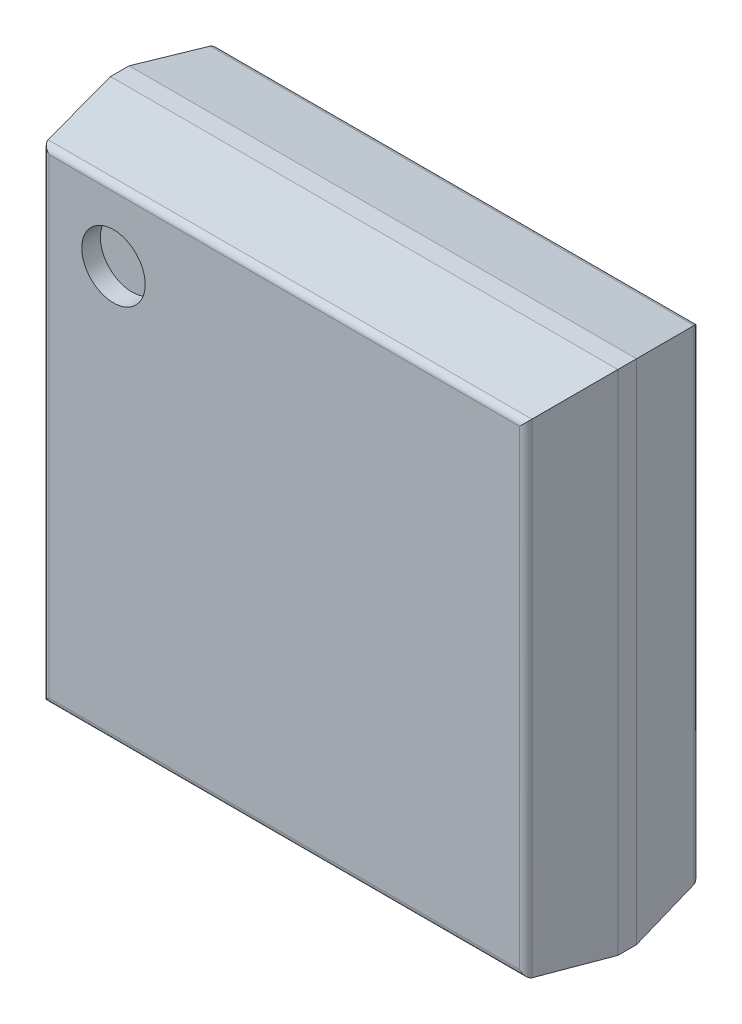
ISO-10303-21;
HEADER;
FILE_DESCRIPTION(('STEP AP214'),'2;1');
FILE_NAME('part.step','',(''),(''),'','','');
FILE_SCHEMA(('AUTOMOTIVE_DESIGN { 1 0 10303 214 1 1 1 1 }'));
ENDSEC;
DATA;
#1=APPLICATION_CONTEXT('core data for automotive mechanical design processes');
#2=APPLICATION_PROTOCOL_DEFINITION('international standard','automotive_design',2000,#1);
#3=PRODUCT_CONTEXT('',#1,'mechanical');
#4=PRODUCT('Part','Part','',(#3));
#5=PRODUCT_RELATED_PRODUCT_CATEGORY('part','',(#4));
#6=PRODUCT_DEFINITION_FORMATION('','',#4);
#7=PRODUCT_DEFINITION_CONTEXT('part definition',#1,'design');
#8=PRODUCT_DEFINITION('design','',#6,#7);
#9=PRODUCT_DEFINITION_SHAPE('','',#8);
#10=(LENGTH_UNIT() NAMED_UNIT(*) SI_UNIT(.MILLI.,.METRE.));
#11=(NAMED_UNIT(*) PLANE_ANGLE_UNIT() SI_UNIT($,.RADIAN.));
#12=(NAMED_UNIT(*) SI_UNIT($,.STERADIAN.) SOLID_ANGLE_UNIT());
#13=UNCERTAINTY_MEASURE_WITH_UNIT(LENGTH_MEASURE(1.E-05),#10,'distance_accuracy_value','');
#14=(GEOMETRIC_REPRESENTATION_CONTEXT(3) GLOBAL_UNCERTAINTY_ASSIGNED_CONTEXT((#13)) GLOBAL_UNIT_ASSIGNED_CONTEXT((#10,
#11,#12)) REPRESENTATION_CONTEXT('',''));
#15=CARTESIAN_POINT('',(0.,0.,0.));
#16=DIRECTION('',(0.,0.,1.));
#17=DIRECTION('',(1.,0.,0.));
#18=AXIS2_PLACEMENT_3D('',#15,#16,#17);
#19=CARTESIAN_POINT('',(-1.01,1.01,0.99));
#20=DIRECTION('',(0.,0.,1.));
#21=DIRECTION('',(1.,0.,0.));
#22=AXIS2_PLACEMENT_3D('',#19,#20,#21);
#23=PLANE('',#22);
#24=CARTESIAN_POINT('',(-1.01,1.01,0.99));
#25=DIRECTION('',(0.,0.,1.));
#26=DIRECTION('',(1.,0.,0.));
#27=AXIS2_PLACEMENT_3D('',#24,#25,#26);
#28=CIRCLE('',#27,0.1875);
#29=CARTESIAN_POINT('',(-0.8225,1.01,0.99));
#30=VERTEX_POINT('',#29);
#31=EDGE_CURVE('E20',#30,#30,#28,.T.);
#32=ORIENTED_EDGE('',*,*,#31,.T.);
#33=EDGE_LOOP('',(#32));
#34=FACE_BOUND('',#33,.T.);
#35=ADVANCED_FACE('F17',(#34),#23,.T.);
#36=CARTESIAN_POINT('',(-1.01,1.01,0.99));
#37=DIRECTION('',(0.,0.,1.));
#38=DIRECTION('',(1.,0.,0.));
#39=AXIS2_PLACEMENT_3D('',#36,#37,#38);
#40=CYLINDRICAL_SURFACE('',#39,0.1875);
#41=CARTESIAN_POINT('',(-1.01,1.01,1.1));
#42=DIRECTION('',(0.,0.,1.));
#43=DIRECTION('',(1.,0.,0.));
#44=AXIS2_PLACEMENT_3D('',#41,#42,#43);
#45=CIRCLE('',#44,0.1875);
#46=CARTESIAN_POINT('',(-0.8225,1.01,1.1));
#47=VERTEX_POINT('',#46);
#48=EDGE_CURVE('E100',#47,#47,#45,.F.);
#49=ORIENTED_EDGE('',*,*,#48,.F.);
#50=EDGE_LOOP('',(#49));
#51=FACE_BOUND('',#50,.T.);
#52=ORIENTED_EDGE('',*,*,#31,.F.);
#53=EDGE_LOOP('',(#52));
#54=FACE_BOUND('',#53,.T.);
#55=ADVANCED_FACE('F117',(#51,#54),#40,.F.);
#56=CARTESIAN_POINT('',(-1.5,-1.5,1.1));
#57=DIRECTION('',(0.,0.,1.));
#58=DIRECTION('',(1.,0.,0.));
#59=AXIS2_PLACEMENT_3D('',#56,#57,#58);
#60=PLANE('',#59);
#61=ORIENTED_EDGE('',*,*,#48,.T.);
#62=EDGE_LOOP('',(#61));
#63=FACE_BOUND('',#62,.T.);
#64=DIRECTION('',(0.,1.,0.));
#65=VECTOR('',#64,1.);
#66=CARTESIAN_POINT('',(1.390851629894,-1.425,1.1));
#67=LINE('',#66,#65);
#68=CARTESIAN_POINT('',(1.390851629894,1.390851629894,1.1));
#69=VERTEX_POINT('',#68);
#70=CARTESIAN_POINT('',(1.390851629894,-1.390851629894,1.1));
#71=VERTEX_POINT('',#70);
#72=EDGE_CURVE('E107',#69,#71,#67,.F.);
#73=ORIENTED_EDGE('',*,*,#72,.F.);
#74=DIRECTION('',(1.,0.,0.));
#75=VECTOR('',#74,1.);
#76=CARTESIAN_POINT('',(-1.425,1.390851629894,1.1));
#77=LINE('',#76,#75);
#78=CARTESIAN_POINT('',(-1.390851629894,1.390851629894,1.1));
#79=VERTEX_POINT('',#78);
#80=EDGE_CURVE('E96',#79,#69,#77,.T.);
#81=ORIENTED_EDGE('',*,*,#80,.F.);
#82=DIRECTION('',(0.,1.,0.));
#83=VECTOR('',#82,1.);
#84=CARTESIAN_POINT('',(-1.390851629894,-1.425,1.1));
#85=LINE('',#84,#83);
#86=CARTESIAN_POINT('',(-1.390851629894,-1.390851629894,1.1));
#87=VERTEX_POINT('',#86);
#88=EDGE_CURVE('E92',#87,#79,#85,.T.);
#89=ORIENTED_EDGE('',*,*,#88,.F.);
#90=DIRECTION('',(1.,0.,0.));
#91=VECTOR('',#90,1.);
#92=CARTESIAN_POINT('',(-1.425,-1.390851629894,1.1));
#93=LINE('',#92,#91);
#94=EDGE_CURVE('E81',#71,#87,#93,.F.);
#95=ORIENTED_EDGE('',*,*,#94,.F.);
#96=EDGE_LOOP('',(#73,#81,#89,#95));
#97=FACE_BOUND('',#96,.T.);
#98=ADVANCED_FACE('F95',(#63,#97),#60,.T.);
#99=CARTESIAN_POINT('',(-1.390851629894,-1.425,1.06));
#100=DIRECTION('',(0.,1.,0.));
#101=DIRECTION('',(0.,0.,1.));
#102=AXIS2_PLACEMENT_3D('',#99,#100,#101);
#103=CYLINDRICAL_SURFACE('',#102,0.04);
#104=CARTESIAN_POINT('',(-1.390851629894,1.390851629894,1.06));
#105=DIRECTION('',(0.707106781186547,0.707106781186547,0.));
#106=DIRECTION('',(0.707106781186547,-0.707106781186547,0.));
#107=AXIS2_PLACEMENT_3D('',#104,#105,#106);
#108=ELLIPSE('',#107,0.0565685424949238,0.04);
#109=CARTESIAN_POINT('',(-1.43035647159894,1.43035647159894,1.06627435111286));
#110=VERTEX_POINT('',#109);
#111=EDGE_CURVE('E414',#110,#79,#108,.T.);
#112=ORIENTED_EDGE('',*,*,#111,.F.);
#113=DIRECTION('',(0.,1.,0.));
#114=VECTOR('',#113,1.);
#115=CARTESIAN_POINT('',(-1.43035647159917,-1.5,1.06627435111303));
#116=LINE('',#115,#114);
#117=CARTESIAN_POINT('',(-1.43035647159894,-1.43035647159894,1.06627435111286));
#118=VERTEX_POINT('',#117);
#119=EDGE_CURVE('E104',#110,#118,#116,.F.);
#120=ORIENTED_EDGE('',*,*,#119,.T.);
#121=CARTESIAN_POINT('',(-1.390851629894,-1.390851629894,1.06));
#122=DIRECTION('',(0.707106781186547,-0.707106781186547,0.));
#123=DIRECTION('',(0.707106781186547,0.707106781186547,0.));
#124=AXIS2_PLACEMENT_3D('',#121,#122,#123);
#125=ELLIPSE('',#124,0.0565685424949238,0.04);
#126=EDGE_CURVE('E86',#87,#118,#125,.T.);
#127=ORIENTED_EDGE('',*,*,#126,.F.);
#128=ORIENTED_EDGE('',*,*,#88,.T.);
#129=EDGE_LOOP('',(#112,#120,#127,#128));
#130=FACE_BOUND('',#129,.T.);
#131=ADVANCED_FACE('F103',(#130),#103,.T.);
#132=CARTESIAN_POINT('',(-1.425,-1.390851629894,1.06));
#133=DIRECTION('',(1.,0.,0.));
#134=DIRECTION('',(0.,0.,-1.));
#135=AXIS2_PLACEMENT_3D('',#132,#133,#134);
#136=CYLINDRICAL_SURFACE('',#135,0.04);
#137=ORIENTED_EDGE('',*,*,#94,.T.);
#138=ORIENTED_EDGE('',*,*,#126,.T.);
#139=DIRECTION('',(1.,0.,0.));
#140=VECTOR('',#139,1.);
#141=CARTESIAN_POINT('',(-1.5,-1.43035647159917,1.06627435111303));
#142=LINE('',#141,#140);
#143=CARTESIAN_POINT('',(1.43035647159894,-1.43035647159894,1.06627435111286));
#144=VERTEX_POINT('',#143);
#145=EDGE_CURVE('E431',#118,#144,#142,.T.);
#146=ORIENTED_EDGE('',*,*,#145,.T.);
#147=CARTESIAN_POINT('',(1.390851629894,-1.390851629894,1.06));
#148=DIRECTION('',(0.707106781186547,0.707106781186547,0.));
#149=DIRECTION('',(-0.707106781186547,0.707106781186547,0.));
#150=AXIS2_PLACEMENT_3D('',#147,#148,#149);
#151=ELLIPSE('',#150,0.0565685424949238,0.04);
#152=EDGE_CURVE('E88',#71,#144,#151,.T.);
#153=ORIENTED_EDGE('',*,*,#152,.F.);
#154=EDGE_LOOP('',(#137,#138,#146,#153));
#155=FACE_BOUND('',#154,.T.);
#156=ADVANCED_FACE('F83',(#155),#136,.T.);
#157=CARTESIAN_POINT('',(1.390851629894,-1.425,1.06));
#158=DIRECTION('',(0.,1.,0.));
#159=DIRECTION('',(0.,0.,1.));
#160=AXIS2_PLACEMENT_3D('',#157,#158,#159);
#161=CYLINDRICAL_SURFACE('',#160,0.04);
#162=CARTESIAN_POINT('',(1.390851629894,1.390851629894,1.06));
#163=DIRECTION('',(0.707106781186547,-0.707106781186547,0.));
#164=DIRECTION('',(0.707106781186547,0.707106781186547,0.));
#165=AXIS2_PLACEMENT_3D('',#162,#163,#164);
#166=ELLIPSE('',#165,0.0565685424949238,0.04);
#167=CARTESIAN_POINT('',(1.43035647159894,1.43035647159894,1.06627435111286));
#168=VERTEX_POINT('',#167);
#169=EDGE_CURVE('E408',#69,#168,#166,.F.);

^^^^

-- Directions --
In the data above, find the line with "#112=ORIENTED_EDGE('',*,*,#111,.F.);" and the line with "#144=VERTEX_POINT('',#143);". Retype both, plus every line between them, exactly.

-- Output for this exercise --
#112=ORIENTED_EDGE('',*,*,#111,.F.);
#113=DIRECTION('',(0.,1.,0.));
#114=VECTOR('',#113,1.);
#115=CARTESIAN_POINT('',(-1.43035647159917,-1.5,1.06627435111303));
#116=LINE('',#115,#114);
#117=CARTESIAN_POINT('',(-1.43035647159894,-1.43035647159894,1.06627435111286));
#118=VERTEX_POINT('',#117);
#119=EDGE_CURVE('E104',#110,#118,#116,.F.);
#120=ORIENTED_EDGE('',*,*,#119,.T.);
#121=CARTESIAN_POINT('',(-1.390851629894,-1.390851629894,1.06));
#122=DIRECTION('',(0.707106781186547,-0.707106781186547,0.));
#123=DIRECTION('',(0.707106781186547,0.707106781186547,0.));
#124=AXIS2_PLACEMENT_3D('',#121,#122,#123);
#125=ELLIPSE('',#124,0.0565685424949238,0.04);
#126=EDGE_CURVE('E86',#87,#118,#125,.T.);
#127=ORIENTED_EDGE('',*,*,#126,.F.);
#128=ORIENTED_EDGE('',*,*,#88,.T.);
#129=EDGE_LOOP('',(#112,#120,#127,#128));
#130=FACE_BOUND('',#129,.T.);
#131=ADVANCED_FACE('F103',(#130),#103,.T.);
#132=CARTESIAN_POINT('',(-1.425,-1.390851629894,1.06));
#133=DIRECTION('',(1.,0.,0.));
#134=DIRECTION('',(0.,0.,-1.));
#135=AXIS2_PLACEMENT_3D('',#132,#133,#134);
#136=CYLINDRICAL_SURFACE('',#135,0.04);
#137=ORIENTED_EDGE('',*,*,#94,.T.);
#138=ORIENTED_EDGE('',*,*,#126,.T.);
#139=DIRECTION('',(1.,0.,0.));
#140=VECTOR('',#139,1.);
#141=CARTESIAN_POINT('',(-1.5,-1.43035647159917,1.06627435111303));
#142=LINE('',#141,#140);
#143=CARTESIAN_POINT('',(1.43035647159894,-1.43035647159894,1.06627435111286));
#144=VERTEX_POINT('',#143);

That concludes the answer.